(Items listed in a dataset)

..........

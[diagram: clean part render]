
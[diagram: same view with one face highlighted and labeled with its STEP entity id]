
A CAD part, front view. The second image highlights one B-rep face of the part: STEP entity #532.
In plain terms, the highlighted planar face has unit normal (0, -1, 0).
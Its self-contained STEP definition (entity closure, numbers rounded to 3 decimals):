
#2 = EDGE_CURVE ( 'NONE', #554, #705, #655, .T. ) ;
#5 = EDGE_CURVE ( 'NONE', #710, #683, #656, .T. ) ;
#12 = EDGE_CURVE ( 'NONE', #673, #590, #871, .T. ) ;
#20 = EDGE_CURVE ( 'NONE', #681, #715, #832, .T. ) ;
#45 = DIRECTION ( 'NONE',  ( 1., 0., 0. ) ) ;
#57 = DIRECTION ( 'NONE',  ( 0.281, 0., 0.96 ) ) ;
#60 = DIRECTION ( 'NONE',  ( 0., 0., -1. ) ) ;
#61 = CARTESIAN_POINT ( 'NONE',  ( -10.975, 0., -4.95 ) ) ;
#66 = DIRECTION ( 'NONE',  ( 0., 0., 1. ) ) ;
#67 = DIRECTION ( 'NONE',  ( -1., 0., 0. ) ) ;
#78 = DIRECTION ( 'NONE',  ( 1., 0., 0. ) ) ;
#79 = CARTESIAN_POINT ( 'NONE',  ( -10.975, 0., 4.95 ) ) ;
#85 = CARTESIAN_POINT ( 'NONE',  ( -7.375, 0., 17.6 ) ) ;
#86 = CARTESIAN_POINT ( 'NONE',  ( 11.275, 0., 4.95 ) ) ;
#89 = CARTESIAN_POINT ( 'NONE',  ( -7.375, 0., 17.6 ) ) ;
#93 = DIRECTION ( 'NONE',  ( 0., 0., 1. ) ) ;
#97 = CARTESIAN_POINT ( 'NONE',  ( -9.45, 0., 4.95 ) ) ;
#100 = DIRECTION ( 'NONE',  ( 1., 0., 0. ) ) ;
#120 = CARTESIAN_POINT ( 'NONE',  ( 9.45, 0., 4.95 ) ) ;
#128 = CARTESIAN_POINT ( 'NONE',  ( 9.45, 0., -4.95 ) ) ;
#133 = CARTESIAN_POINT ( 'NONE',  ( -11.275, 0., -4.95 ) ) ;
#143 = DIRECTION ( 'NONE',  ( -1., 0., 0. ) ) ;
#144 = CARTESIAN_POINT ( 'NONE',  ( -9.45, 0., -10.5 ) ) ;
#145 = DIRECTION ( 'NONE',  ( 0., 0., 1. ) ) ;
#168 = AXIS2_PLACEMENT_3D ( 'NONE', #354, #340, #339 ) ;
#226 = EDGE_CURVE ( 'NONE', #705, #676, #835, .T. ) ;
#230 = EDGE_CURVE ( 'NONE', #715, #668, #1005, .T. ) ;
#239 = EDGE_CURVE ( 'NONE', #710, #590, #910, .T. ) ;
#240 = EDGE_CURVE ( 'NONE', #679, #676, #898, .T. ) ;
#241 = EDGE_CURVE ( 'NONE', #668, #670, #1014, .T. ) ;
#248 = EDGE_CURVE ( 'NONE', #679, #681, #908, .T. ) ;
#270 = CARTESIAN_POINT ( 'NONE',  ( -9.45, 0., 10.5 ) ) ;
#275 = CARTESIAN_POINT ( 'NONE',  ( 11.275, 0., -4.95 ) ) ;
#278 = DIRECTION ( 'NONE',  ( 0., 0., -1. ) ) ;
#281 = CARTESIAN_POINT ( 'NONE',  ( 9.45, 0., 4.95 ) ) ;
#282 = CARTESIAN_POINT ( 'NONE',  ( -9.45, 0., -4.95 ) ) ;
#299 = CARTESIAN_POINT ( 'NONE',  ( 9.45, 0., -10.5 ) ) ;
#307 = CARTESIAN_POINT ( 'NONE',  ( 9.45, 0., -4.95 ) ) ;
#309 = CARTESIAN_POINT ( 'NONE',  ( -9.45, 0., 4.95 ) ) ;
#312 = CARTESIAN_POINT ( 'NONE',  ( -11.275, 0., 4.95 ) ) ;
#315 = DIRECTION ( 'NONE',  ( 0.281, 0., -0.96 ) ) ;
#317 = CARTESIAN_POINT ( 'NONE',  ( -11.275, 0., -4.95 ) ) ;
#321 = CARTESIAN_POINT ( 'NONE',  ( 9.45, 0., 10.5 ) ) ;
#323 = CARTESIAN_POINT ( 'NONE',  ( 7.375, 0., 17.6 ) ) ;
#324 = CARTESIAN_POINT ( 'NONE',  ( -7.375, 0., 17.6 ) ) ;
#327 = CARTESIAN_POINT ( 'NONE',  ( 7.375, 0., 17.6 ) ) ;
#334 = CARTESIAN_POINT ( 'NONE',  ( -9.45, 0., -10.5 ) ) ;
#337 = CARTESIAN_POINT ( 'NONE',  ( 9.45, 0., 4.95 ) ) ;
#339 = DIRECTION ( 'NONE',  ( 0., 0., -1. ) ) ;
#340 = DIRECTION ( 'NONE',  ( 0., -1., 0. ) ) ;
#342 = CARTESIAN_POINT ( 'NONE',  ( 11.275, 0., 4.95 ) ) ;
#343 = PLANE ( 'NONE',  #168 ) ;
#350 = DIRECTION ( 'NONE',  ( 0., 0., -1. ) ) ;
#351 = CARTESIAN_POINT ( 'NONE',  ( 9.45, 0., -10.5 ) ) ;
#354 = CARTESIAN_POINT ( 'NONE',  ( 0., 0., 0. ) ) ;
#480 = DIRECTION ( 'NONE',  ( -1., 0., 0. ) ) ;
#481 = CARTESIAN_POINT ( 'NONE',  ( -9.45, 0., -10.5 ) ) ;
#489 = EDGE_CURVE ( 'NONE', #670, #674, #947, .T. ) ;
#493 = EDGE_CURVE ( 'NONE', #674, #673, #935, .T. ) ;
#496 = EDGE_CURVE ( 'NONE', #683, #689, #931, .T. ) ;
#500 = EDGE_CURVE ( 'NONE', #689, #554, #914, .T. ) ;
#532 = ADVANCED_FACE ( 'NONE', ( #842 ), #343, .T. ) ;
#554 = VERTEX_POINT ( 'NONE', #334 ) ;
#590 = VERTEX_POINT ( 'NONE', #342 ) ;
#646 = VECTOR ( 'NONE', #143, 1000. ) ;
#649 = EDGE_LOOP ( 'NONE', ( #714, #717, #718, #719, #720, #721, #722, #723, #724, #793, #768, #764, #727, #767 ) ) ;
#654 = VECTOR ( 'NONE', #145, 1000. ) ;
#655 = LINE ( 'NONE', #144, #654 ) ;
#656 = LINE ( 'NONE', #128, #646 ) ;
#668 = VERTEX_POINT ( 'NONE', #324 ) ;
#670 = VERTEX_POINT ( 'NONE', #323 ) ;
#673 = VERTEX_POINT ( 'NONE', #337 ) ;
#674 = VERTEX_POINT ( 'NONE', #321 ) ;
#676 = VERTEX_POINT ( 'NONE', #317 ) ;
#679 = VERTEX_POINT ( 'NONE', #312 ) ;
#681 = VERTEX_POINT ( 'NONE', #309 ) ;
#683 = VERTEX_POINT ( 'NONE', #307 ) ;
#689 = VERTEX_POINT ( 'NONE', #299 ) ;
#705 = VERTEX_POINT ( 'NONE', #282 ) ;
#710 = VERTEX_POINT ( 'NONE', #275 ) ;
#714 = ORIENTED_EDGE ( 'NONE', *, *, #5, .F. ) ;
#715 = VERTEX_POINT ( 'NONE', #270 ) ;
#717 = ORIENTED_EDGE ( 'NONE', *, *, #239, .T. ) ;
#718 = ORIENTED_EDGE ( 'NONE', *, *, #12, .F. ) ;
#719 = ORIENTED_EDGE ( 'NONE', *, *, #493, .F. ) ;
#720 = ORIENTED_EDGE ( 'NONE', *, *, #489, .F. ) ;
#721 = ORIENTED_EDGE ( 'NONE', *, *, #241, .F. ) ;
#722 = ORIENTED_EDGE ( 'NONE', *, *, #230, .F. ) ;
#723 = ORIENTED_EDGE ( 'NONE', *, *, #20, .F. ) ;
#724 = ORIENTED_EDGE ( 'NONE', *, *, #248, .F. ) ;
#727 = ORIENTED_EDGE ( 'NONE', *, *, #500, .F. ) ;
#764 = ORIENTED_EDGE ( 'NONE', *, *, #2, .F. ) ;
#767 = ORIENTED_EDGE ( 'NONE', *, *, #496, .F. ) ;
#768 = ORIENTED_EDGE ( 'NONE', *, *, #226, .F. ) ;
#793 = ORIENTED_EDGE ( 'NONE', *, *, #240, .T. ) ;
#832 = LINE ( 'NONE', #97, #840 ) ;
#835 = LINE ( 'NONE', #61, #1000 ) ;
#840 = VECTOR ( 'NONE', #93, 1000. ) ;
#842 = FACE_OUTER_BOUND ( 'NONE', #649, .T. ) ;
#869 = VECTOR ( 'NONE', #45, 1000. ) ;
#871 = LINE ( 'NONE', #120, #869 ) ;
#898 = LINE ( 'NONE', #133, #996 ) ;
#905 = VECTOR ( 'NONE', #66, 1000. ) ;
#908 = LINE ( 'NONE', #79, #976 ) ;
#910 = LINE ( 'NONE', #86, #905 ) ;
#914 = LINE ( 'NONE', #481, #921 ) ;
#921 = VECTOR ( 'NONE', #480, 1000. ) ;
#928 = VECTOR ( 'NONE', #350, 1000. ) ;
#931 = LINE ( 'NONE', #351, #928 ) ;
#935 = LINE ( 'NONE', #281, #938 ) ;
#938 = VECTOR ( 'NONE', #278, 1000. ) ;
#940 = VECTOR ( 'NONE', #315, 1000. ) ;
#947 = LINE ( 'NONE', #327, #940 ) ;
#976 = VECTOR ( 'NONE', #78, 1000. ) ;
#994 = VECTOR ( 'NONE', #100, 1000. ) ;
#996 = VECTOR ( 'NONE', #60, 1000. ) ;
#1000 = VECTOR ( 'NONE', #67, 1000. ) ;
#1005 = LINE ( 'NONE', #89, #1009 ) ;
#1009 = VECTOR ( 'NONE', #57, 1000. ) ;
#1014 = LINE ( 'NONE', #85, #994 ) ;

..........

# What is needed:
Look over the entries for "part", then copy every line that includes that string.

# Reply to the task:
[diagram: clean part render]
A CAD part, front view. The second image highlights one B-rep face of the part: STEP entity #532.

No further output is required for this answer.